Directions for this task | When you copy the entries, keep every word exactly as it is and drop the images.

Items from a dataset
# # #

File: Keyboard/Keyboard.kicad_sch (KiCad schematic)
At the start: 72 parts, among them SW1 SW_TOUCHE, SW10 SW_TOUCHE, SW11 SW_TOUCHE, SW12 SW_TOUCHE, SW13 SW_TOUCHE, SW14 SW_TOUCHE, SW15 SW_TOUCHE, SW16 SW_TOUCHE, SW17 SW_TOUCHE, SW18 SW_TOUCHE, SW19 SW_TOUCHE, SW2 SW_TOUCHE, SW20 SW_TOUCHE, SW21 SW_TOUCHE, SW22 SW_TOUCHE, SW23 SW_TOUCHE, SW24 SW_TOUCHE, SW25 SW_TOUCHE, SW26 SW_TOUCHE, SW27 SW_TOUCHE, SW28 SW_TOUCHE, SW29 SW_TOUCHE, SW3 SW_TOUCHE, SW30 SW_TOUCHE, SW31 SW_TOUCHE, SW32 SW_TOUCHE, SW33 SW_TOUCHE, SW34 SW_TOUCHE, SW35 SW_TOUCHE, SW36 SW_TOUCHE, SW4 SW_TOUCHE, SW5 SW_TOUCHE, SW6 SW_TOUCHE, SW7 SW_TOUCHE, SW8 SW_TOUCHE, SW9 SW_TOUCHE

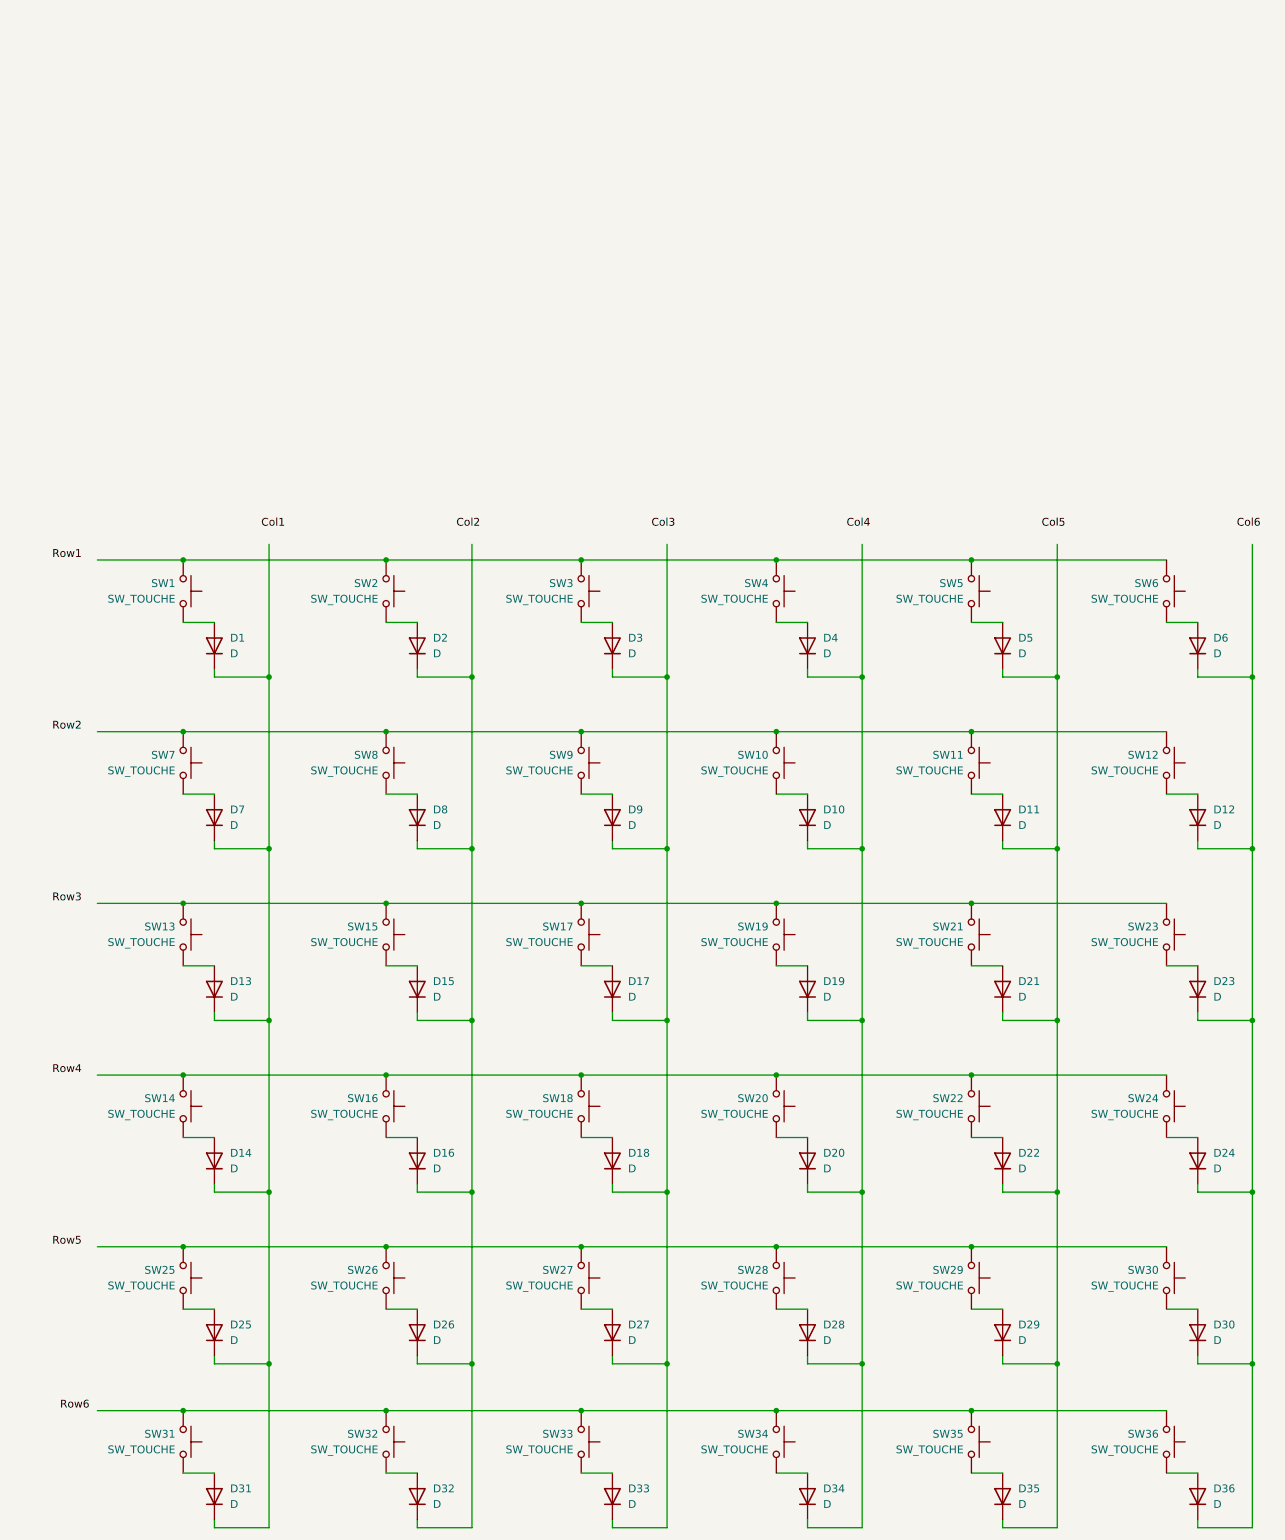
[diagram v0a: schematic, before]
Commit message: add: demux 1x6 schematics
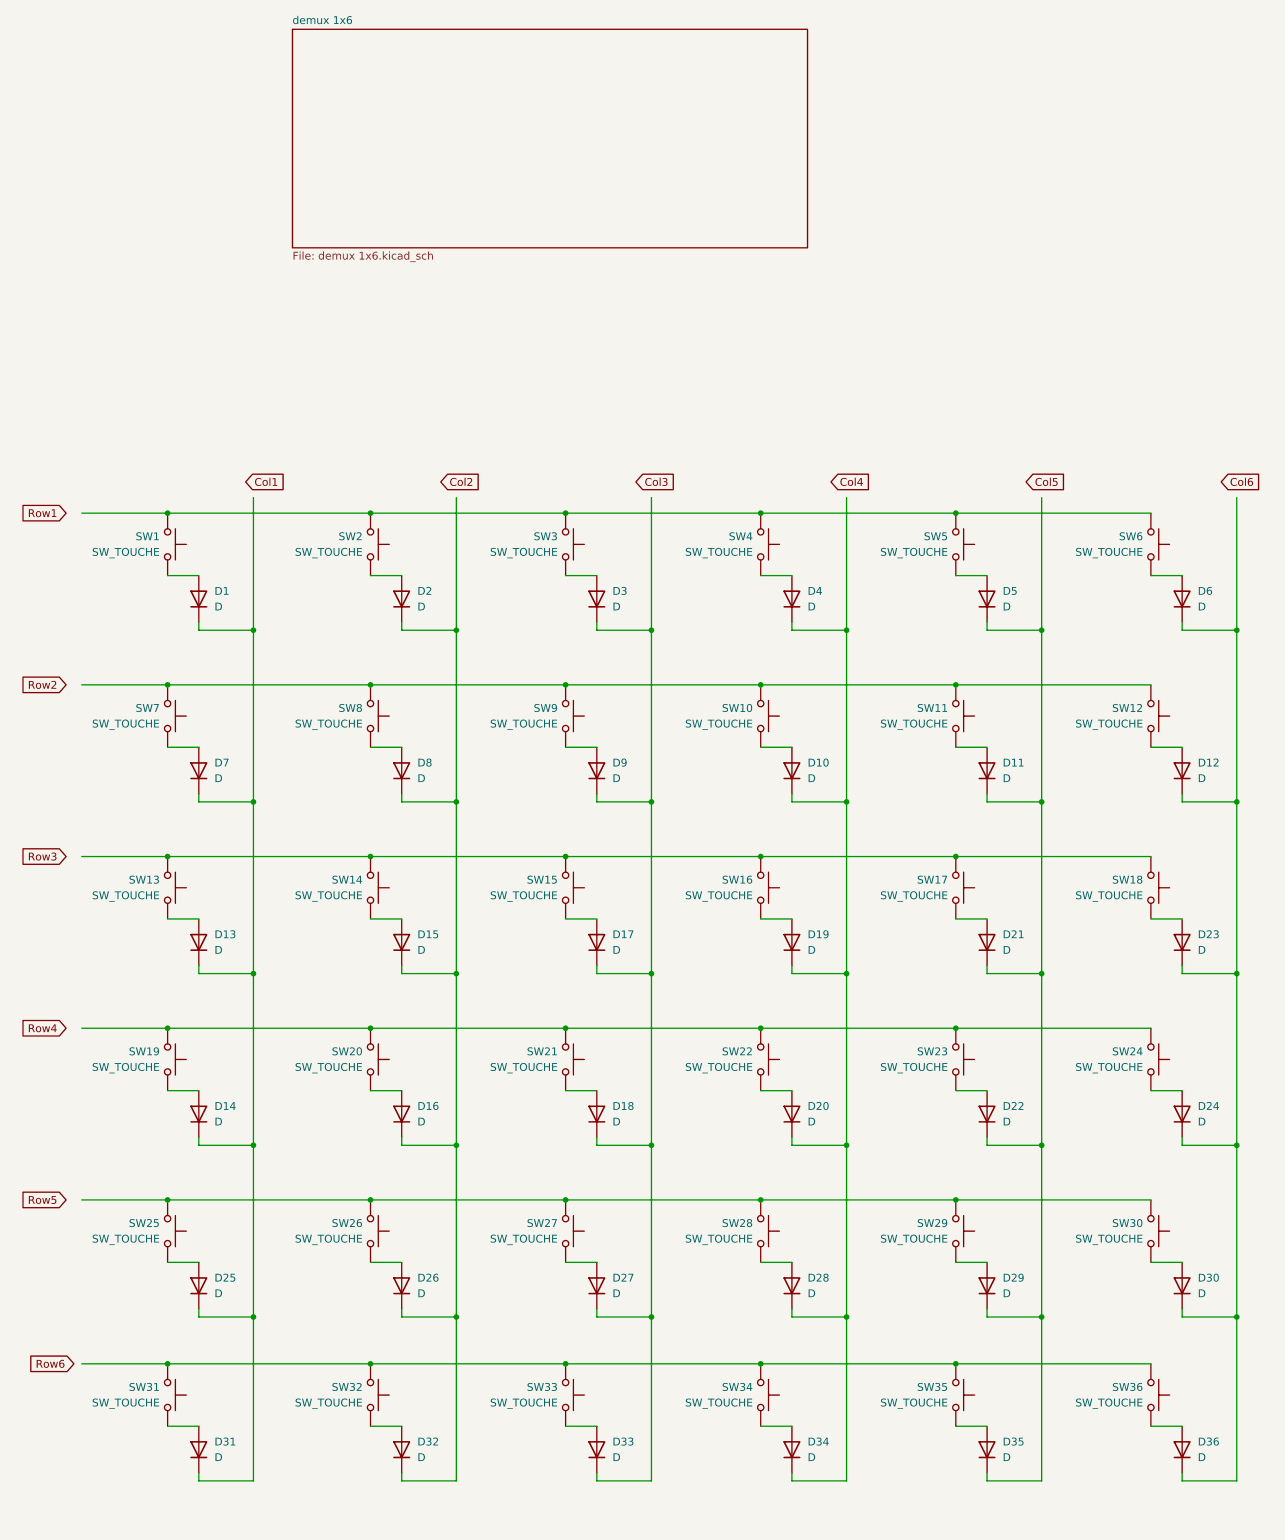
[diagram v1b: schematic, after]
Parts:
- SW1, SW10, SW11, SW12, SW13, SW14, SW15, SW16, SW17, SW18, SW19, SW2, SW20, SW21, SW22, SW23, SW24, SW25, SW26, SW27, SW28, SW29, SW3, SW30, SW31, SW32, SW33, SW34, SW35, SW36, SW4, SW5, SW6, SW7, SW8, SW9: footprint (none) -> Button_Switch_Keyboard:SW_Cherry_MX_1.00u_PCB
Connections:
- net at D15.2 (A): now also SW14.2; no longer SW15.2
- net at D21.2 (A): now also SW17.2; no longer SW21.2
- net at SW14.1, SW16.1, SW18.1: now also SW13.1, SW15.1, SW17.1; no longer SW20.1, SW22.1, SW24.1
- net at D18.2 (A): now also SW21.2; no longer SW18.2
- net at SW22.2: now also D20.2 (A); no longer D22.2 (A)
- net at SW20.2: now also D16.2 (A); no longer D20.2 (A)
- net at SW19.1, SW21.1, SW23.1: now also SW20.1, SW22.1, SW24.1; no longer SW13.1, SW15.1, SW17.1
- net at D14.2 (A): now also SW19.2; no longer SW14.2
- net at D17.2 (A): now also SW15.2; no longer SW17.2
- net at SW23.2: now also D22.2 (A); no longer D23.2 (A)
- net at D19.2 (A): now also SW16.2; no longer SW19.2
- new net: D23.2 (A), SW18.2
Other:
- added sheet demux 1x6 (demux 1x6.kicad_sch)
- moved on the sheet: D1, D10, D11, D12, D13, D14, D15, D16, D17, D18, D19, D2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
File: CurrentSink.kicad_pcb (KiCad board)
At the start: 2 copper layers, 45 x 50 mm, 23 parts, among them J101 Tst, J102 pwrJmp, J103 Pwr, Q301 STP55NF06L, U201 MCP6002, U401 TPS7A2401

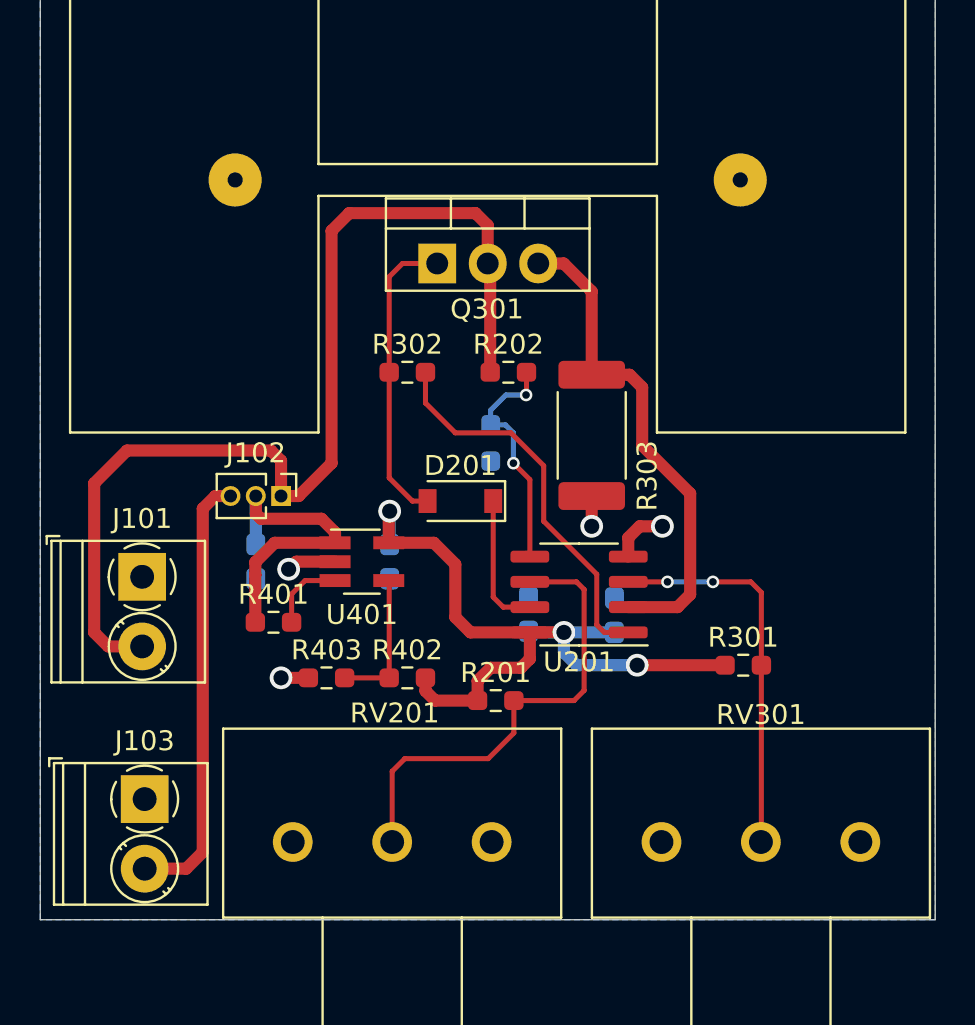
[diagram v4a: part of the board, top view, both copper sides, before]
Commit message: All component placements complete, silk screen cleaned up, and tracks routed. DRC passed.
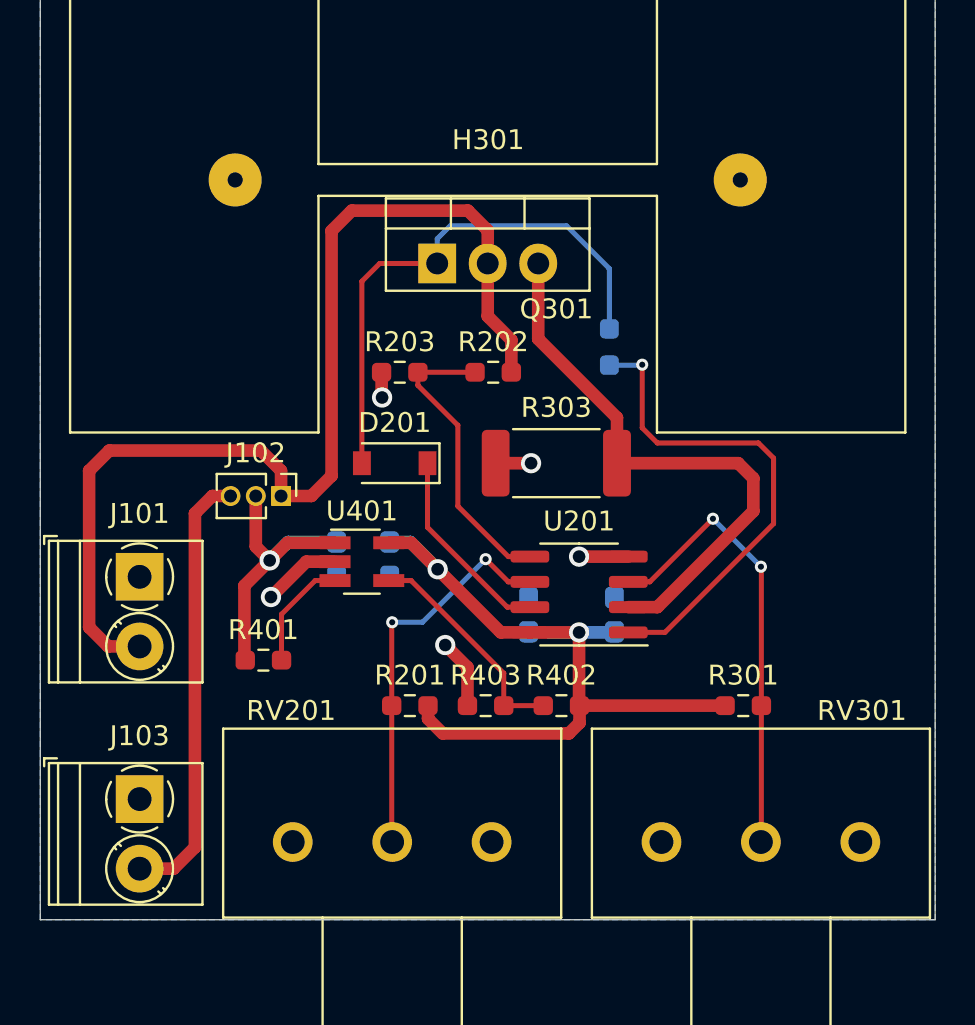
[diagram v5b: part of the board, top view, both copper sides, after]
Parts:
- R203: moved to F.Cu
- R302: moved to B.Cu
- moved R302 10.2 mm to (118.6, 76.2), turned to 270 degrees
- moved R403 8.12 mm to (112.4, 94.2)
- moved R402 7.87 mm to (116.2, 94.2)
- moved R203 5.79 mm to (108.1, 77.5), turned to 180 degrees
- moved R201 4.33 mm to (108.6, 94.2), turned to 180 degrees
- moved C401 4.07 mm to (104.9, 86.9)
- moved D201 3.81 mm to (107.8, 82.0)
- moved R303 2.26 mm to (116.0, 82.0), turned to 180 degrees
- moved R301 2.03 mm to (125.3, 94.2)
- moved R401 1.97 mm to (101.2, 91.9)
- moved R202 0.76 mm to (112.8, 77.5), turned to 180 degrees
- moved J103 0.25 mm to (95.0, 98.9)
- moved C404 0.13 mm to (107.6, 86.9)
- moved J101 0.13 mm to (95.0, 87.8)
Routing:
- net /Vctrl: track 15.2 -> 27.4 mm
- net Net-(R302-Pad2): track 19.6 -> 24.9 mm, vias 0 -> 1
- net GND: track 8.29 -> 13.0 mm, vias 4 -> 5
- net /Power-Reg/regFB: track 7.14 -> 11.4 mm
- net Net-(R201-Pad2): track 23.8 -> 19.8 mm, vias 0 -> 2
- net Net-(Q301-Pad3): track 25.1 -> 28.8 mm
- net Net-(R301-Pad2): track 19.5 -> 22.7 mm
- net Net-(D201-Pad1): track 6.88 -> 10.0 mm
- net Net-(R202-Pad2): track 12.1 -> 15.1 mm, vias 2 -> 0
- net /Power-Reg/regEN: track 3.88 -> 5.70 mm
- net /2.5V: track 38.1 -> 39.5 mm, vias 3 -> 2
- net /tstV+: track 53.1 -> 54.2 mm
- net /regIN: track 16.0 -> 16.5 mm, vias 0 -> 1
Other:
- net class Default: clearance 0.2032 -> 0.254; via_dia 0.635 -> 0.6096; via_drill 0.381 -> 0.3048
- net class Power: clearance 0.1524 -> 0.254; trace_width 0.6096 -> 0.635; via_dia 1.143 -> 1.016; via_drill 0.762 -> 0.635
- rule trace_clearance: 0.2032 -> 0.254
- rule via_min_size: 0.4064 -> 0.3048

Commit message: Revision A as sent to OSHPark with some MPN updates due to availability
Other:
- board text added: "Current Sink or Swim"
- board text added: "Designed By: Nathan S."

# # #

Answer area |
File: Keyboard/Keyboard.kicad_sch (KiCad schematic)
At the start: 72 parts, among them SW1 SW_TOUCHE, SW10 SW_TOUCHE, SW11 SW_TOUCHE, SW12 SW_TOUCHE, SW13 SW_TOUCHE, SW14 SW_TOUCHE, SW15 SW_TOUCHE, SW16 SW_TOUCHE, SW17 SW_TOUCHE, SW18 SW_TOUCHE, SW19 SW_TOUCHE, SW2 SW_TOUCHE, SW20 SW_TOUCHE, SW21 SW_TOUCHE, SW22 SW_TOUCHE, SW23 SW_TOUCHE, SW24 SW_TOUCHE, SW25 SW_TOUCHE, SW26 SW_TOUCHE, SW27 SW_TOUCHE, SW28 SW_TOUCHE, SW29 SW_TOUCHE, SW3 SW_TOUCHE, SW30 SW_TOUCHE, SW31 SW_TOUCHE, SW32 SW_TOUCHE, SW33 SW_TOUCHE, SW34 SW_TOUCHE, SW35 SW_TOUCHE, SW36 SW_TOUCHE, SW4 SW_TOUCHE, SW5 SW_TOUCHE, SW6 SW_TOUCHE, SW7 SW_TOUCHE, SW8 SW_TOUCHE, SW9 SW_TOUCHE

[diagram v0a: schematic, before]
Commit message: add: demux 1x6 schematics
[diagram v1b: schematic, after]
Parts:
- SW1, SW10, SW11, SW12, SW13, SW14, SW15, SW16, SW17, SW18, SW19, SW2, SW20, SW21, SW22, SW23, SW24, SW25, SW26, SW27, SW28, SW29, SW3, SW30, SW31, SW32, SW33, SW34, SW35, SW36, SW4, SW5, SW6, SW7, SW8, SW9: footprint (none) -> Button_Switch_Keyboard:SW_Cherry_MX_1.00u_PCB
Connections:
- net at D15.2 (A): now also SW14.2; no longer SW15.2
- net at D21.2 (A): now also SW17.2; no longer SW21.2
- net at SW14.1, SW16.1, SW18.1: now also SW13.1, SW15.1, SW17.1; no longer SW20.1, SW22.1, SW24.1
- net at D18.2 (A): now also SW21.2; no longer SW18.2
- net at SW22.2: now also D20.2 (A); no longer D22.2 (A)
- net at SW20.2: now also D16.2 (A); no longer D20.2 (A)
- net at SW19.1, SW21.1, SW23.1: now also SW20.1, SW22.1, SW24.1; no longer SW13.1, SW15.1, SW17.1
- net at D14.2 (A): now also SW19.2; no longer SW14.2
- net at D17.2 (A): now also SW15.2; no longer SW17.2
- net at SW23.2: now also D22.2 (A); no longer D23.2 (A)
- net at D19.2 (A): now also SW16.2; no longer SW19.2
- new net: D23.2 (A), SW18.2
Other:
- added sheet demux 1x6 (demux 1x6.kicad_sch)
- moved on the sheet: D1, D10, D11, D12, D13, D14, D15, D16, D17, D18, D19, D2
File: CurrentSink.kicad_pcb (KiCad board)
At the start: 2 copper layers, 45 x 50 mm, 23 parts, among them J101 Tst, J102 pwrJmp, J103 Pwr, Q301 STP55NF06L, U201 MCP6002, U401 TPS7A2401

[diagram v4a: part of the board, top view, both copper sides, before]
Commit message: All component placements complete, silk screen cleaned up, and tracks routed. DRC passed.
[diagram v5b: part of the board, top view, both copper sides, after]
Parts:
- R203: moved to F.Cu
- R302: moved to B.Cu
- moved R302 10.2 mm to (118.6, 76.2), turned to 270 degrees
- moved R403 8.12 mm to (112.4, 94.2)
- moved R402 7.87 mm to (116.2, 94.2)
- moved R203 5.79 mm to (108.1, 77.5), turned to 180 degrees
- moved R201 4.33 mm to (108.6, 94.2), turned to 180 degrees
- moved C401 4.07 mm to (104.9, 86.9)
- moved D201 3.81 mm to (107.8, 82.0)
- moved R303 2.26 mm to (116.0, 82.0), turned to 180 degrees
- moved R301 2.03 mm to (125.3, 94.2)
- moved R401 1.97 mm to (101.2, 91.9)
- moved R202 0.76 mm to (112.8, 77.5), turned to 180 degrees
- moved J103 0.25 mm to (95.0, 98.9)
- moved C404 0.13 mm to (107.6, 86.9)
- moved J101 0.13 mm to (95.0, 87.8)
Routing:
- net /Vctrl: track 15.2 -> 27.4 mm
- net Net-(R302-Pad2): track 19.6 -> 24.9 mm, vias 0 -> 1
- net GND: track 8.29 -> 13.0 mm, vias 4 -> 5
- net /Power-Reg/regFB: track 7.14 -> 11.4 mm
- net Net-(R201-Pad2): track 23.8 -> 19.8 mm, vias 0 -> 2
- net Net-(Q301-Pad3): track 25.1 -> 28.8 mm
- net Net-(R301-Pad2): track 19.5 -> 22.7 mm
- net Net-(D201-Pad1): track 6.88 -> 10.0 mm
- net Net-(R202-Pad2): track 12.1 -> 15.1 mm, vias 2 -> 0
- net /Power-Reg/regEN: track 3.88 -> 5.70 mm
- net /2.5V: track 38.1 -> 39.5 mm, vias 3 -> 2
- net /tstV+: track 53.1 -> 54.2 mm
- net /regIN: track 16.0 -> 16.5 mm, vias 0 -> 1
Other:
- net class Default: clearance 0.2032 -> 0.254; via_dia 0.635 -> 0.6096; via_drill 0.381 -> 0.3048
- net class Power: clearance 0.1524 -> 0.254; trace_width 0.6096 -> 0.635; via_dia 1.143 -> 1.016; via_drill 0.762 -> 0.635
- rule trace_clearance: 0.2032 -> 0.254
- rule via_min_size: 0.4064 -> 0.3048

Commit message: Revision A as sent to OSHPark with some MPN updates due to availability
Other:
- board text added: "Current Sink or Swim"
- board text added: "Designed By: Nathan S."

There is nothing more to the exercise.